Dataset entries Block Start

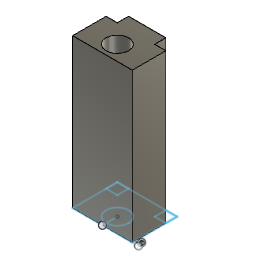
Week 2 HW Drawing 2 (Autodesk Fusion 360 archive; units mm, degrees)
design "Week 2 HW"
Autodesk Fusion 360 part; units mm, degrees
sketch "Object 1 Base" plane through (0, 0, 0) normal (0, 0, 1) x (1, 0, 0)
  line L0 (40, 0) -> (-40, 0)
  line L1 (-40, 0) -> (-40, 60)
  line L2 (-40, 60) -> (40, 60)
  line L3 (40, 60) -> (40, 0)
  line L4 (0, 0) -> (0, 20)
  circle A0 centre (0, 20) radius 15
  line L5 (-40, 60) -> (-25, 60)
  line L6 (-25, 60) -> (-25, 45)
  line L7 (-25, 45) -> (-40, 45)
  line L8 (-40, 45) -> (-40, 60)
  line L9 (40, 60) -> (25, 60)
  line L10 (25, 60) -> (25, 45)
  line L11 (25, 45) -> (40, 45)
  line L12 (40, 45) -> (40, 60)
  dimension "d5" = 80
  dimension "d6" = 60
  dimension "d7" = 20
  dimension "d8" = 30
  dimension "d9" = 15
  dimension "d10" = 15
  dimension "d11" = 15
  dimension "d12" = 15
  constraint horizontal L0
  constraint parallel L0 L2
  constraint parallel L1 L3
  constraint perpendicular L0 L4
  constraint coincident L4.end A0.centre
  constraint horizontal L5
  constraint vertical L6
  constraint horizontal L7
  constraint vertical L8
  constraint horizontal L9
  constraint vertical L10
  constraint horizontal L11
  constraint vertical L12
  measures "d5" distance of L1.end L2.end
  measures "d6" distance of L0.end L1.end
  measures "d7" distance of L4.start L4.end
  measures "d8" diameter of A0
  measures "d9" distance of L1.end L5.end
  measures "d10" distance of L1.end L7.end
  measures "d11" distance of L2.end L9.end
  measures "d12" distance of L2.end L11.end
extrude "Extrude2" add sketch "Object 1 Base" along normal blind 100 contours L0 L1 L2 L3 L6 L7 L10 L11 makes body 1
sketch "Object 2 Base" plane through (0, 0, 0) normal (0, 0, 1) x (1, 0, 0)
  line L0 (45, 0) -> (48.5, 0)
  line L1 (48.5, 0) -> (48.5, 1.375)
  line L2 (48.5, 1.375) -> (45, 1.375)
  line L3 (45, 1.375) -> (45, 0)
  line L4 (45, 1.375) -> (48.5, 1.375)
  line L5 (48.5, 1.375) -> (48.5, 5.875)
  line L6 (48.5, 5.875) -> (45, 5.875)
  line L7 (45, 5.875) -> (45, 1.375)
  circle A0 centre (46.75, 5.875) radius 0.5
  circle A1 centre (46.75, 5.875) radius 1.75
  line L8 (46, 0) -> (47.5, 0)
  line L9 (46.75, 0) -> (46.75, 0.75)
  line L10 (47.5, 0) -> (47.933, 0.75)
  line L11 (47.5, 0) -> (48.366, 0) construction
  line L12 (46, 0) -> (45.567, 0.75)
  line L13 (45.567, 0.75) -> (47.933, 0.75)
  dimension "d17" = 3.5
  dimension "d18" = 1.375
  dimension "d19" = 4.5
  dimension "d20" = 1
  dimension "d21" = 3.5
  dimension "d22" = 1.5
  dimension "d23" = 0.75
  dimension "d24" = 60
  dimension "d25" = 120
  constraint horizontal L0
  constraint vertical L1
  constraint horizontal L2
  constraint vertical L3
  constraint horizontal L4
  constraint vertical L5
  constraint horizontal L6
  constraint vertical L7
  constraint midpoint L6 A0.centre
  constraint concentric A0 A1
  constraint coincident L0 L8.start
  constraint midpoint L0 L8
  constraint midpoint L0 L9.start
  constraint perpendicular L0 L9
  constraint horizontal L11
  constraint perpendicular L9 L13
  measures "d17" distance of L0.start L0.end
  measures "d18" distance of L0.start L2.end
  measures "d19" distance of L2.end L6.end
  measures "d20" diameter of A0
  measures "d21" diameter of A1
  measures "d22" distance of L8.start L8.end
  measures "d23" distance of L9.start L9.end
  measures "d24" angle of L10 L11
  measures "d25" angle of L10 L12
extrude "Extrude4" add sketch "Object 2 Base" along normal blind 2.75 separate body contours L0 L1 L2 L3 L4 L10 L12 L13 makes body 2
extrude "Extrude3" add sketch "Object 2 Base" along normal blind 0.875 separate body contours L0 L1 L2 L3 L4 L10 L12 L13 | L2 L4 L5 L7 A1 | L6 A0 A1 | L6 A0 A1 makes body 3
combine "Combine1" operation add target body 2 tool bodies 3
sketch "Object 2 Surface" plane through (0, 0, 0.875) normal (0, 0, 1) x (-1, 0, 0)
  line L0 (-45, -1.375) -> (-48.5, -1.375)
  line L1 (-48.5, -1.375) -> (-48.5, -5.875)
  arc A0 (-48.5, -5.875) -> (-45, -5.875) centre (-46.75, -5.875) ccw
  line L2 (-45, -5.875) -> (-45, -1.375)
  circle A1 centre (-46.75, -5.875) radius 0.5
  circle A2 centre (-46.75, -5.875) radius 0.875
  dimension "d33" = 1.75
  constraint concentric A0 A2
  measures "d33" diameter of A2
extrude "Extrude6" cut sketch "Object 2 Surface" against normal blind 0.4375 contours A2 bodies 2
extrude "Extrude7" add 1 faces at (-0.2453, 51.6606, 100) along direction (0, 0, 1) blind 100 on bodies 1 bodies 1
extrude "Extrude1" [rolled back] along distance 100 taper angle 0
sketch "Sketch2" plane through (0, 0, 0) normal (0, 1, 0) x (1, 0, 0)
sketch "Sketch3" plane through (0, 0, 0) normal (0, 0, 1) x (1, 0, 0)
named bodies: "Object 1", "Object 2"

Dataset entries Block End

Write every line above again exactly, but leave the pictures out.

● **Solution to this task**
Week 2 HW Drawing 2 (Autodesk Fusion 360 archive; units mm, degrees)
design "Week 2 HW"
Autodesk Fusion 360 part; units mm, degrees
sketch "Object 1 Base" plane through (0, 0, 0) normal (0, 0, 1) x (1, 0, 0)
  line L0 (40, 0) -> (-40, 0)
  line L1 (-40, 0) -> (-40, 60)
  line L2 (-40, 60) -> (40, 60)
  line L3 (40, 60) -> (40, 0)
  line L4 (0, 0) -> (0, 20)
  circle A0 centre (0, 20) radius 15
  line L5 (-40, 60) -> (-25, 60)
  line L6 (-25, 60) -> (-25, 45)
  line L7 (-25, 45) -> (-40, 45)
  line L8 (-40, 45) -> (-40, 60)
  line L9 (40, 60) -> (25, 60)
  line L10 (25, 60) -> (25, 45)
  line L11 (25, 45) -> (40, 45)
  line L12 (40, 45) -> (40, 60)
  dimension "d5" = 80
  dimension "d6" = 60
  dimension "d7" = 20
  dimension "d8" = 30
  dimension "d9" = 15
  dimension "d10" = 15
  dimension "d11" = 15
  dimension "d12" = 15
  constraint horizontal L0
  constraint parallel L0 L2
  constraint parallel L1 L3
  constraint perpendicular L0 L4
  constraint coincident L4.end A0.centre
  constraint horizontal L5
  constraint vertical L6
  constraint horizontal L7
  constraint vertical L8
  constraint horizontal L9
  constraint vertical L10
  constraint horizontal L11
  constraint vertical L12
  measures "d5" distance of L1.end L2.end
  measures "d6" distance of L0.end L1.end
  measures "d7" distance of L4.start L4.end
  measures "d8" diameter of A0
  measures "d9" distance of L1.end L5.end
  measures "d10" distance of L1.end L7.end
  measures "d11" distance of L2.end L9.end
  measures "d12" distance of L2.end L11.end
extrude "Extrude2" add sketch "Object 1 Base" along normal blind 100 contours L0 L1 L2 L3 L6 L7 L10 L11 makes body 1
sketch "Object 2 Base" plane through (0, 0, 0) normal (0, 0, 1) x (1, 0, 0)
  line L0 (45, 0) -> (48.5, 0)
  line L1 (48.5, 0) -> (48.5, 1.375)
  line L2 (48.5, 1.375) -> (45, 1.375)
  line L3 (45, 1.375) -> (45, 0)
  line L4 (45, 1.375) -> (48.5, 1.375)
  line L5 (48.5, 1.375) -> (48.5, 5.875)
  line L6 (48.5, 5.875) -> (45, 5.875)
  line L7 (45, 5.875) -> (45, 1.375)
  circle A0 centre (46.75, 5.875) radius 0.5
  circle A1 centre (46.75, 5.875) radius 1.75
  line L8 (46, 0) -> (47.5, 0)
  line L9 (46.75, 0) -> (46.75, 0.75)
  line L10 (47.5, 0) -> (47.933, 0.75)
  line L11 (47.5, 0) -> (48.366, 0) construction
  line L12 (46, 0) -> (45.567, 0.75)
  line L13 (45.567, 0.75) -> (47.933, 0.75)
  dimension "d17" = 3.5
  dimension "d18" = 1.375
  dimension "d19" = 4.5
  dimension "d20" = 1
  dimension "d21" = 3.5
  dimension "d22" = 1.5
  dimension "d23" = 0.75
  dimension "d24" = 60
  dimension "d25" = 120
  constraint horizontal L0
  constraint vertical L1
  constraint horizontal L2
  constraint vertical L3
  constraint horizontal L4
  constraint vertical L5
  constraint horizontal L6
  constraint vertical L7
  constraint midpoint L6 A0.centre
  constraint concentric A0 A1
  constraint coincident L0 L8.start
  constraint midpoint L0 L8
  constraint midpoint L0 L9.start
  constraint perpendicular L0 L9
  constraint horizontal L11
  constraint perpendicular L9 L13
  measures "d17" distance of L0.start L0.end
  measures "d18" distance of L0.start L2.end
  measures "d19" distance of L2.end L6.end
  measures "d20" diameter of A0
  measures "d21" diameter of A1
  measures "d22" distance of L8.start L8.end
  measures "d23" distance of L9.start L9.end
  measures "d24" angle of L10 L11
  measures "d25" angle of L10 L12
extrude "Extrude4" add sketch "Object 2 Base" along normal blind 2.75 separate body contours L0 L1 L2 L3 L4 L10 L12 L13 makes body 2
extrude "Extrude3" add sketch "Object 2 Base" along normal blind 0.875 separate body contours L0 L1 L2 L3 L4 L10 L12 L13 | L2 L4 L5 L7 A1 | L6 A0 A1 | L6 A0 A1 makes body 3
combine "Combine1" operation add target body 2 tool bodies 3
sketch "Object 2 Surface" plane through (0, 0, 0.875) normal (0, 0, 1) x (-1, 0, 0)
  line L0 (-45, -1.375) -> (-48.5, -1.375)
  line L1 (-48.5, -1.375) -> (-48.5, -5.875)
  arc A0 (-48.5, -5.875) -> (-45, -5.875) centre (-46.75, -5.875) ccw
  line L2 (-45, -5.875) -> (-45, -1.375)
  circle A1 centre (-46.75, -5.875) radius 0.5
  circle A2 centre (-46.75, -5.875) radius 0.875
  dimension "d33" = 1.75
  constraint concentric A0 A2
  measures "d33" diameter of A2
extrude "Extrude6" cut sketch "Object 2 Surface" against normal blind 0.4375 contours A2 bodies 2
extrude "Extrude7" add 1 faces at (-0.2453, 51.6606, 100) along direction (0, 0, 1) blind 100 on bodies 1 bodies 1
extrude "Extrude1" [rolled back] along distance 100 taper angle 0
sketch "Sketch2" plane through (0, 0, 0) normal (0, 1, 0) x (1, 0, 0)
sketch "Sketch3" plane through (0, 0, 0) normal (0, 0, 1) x (1, 0, 0)
named bodies: "Object 1", "Object 2"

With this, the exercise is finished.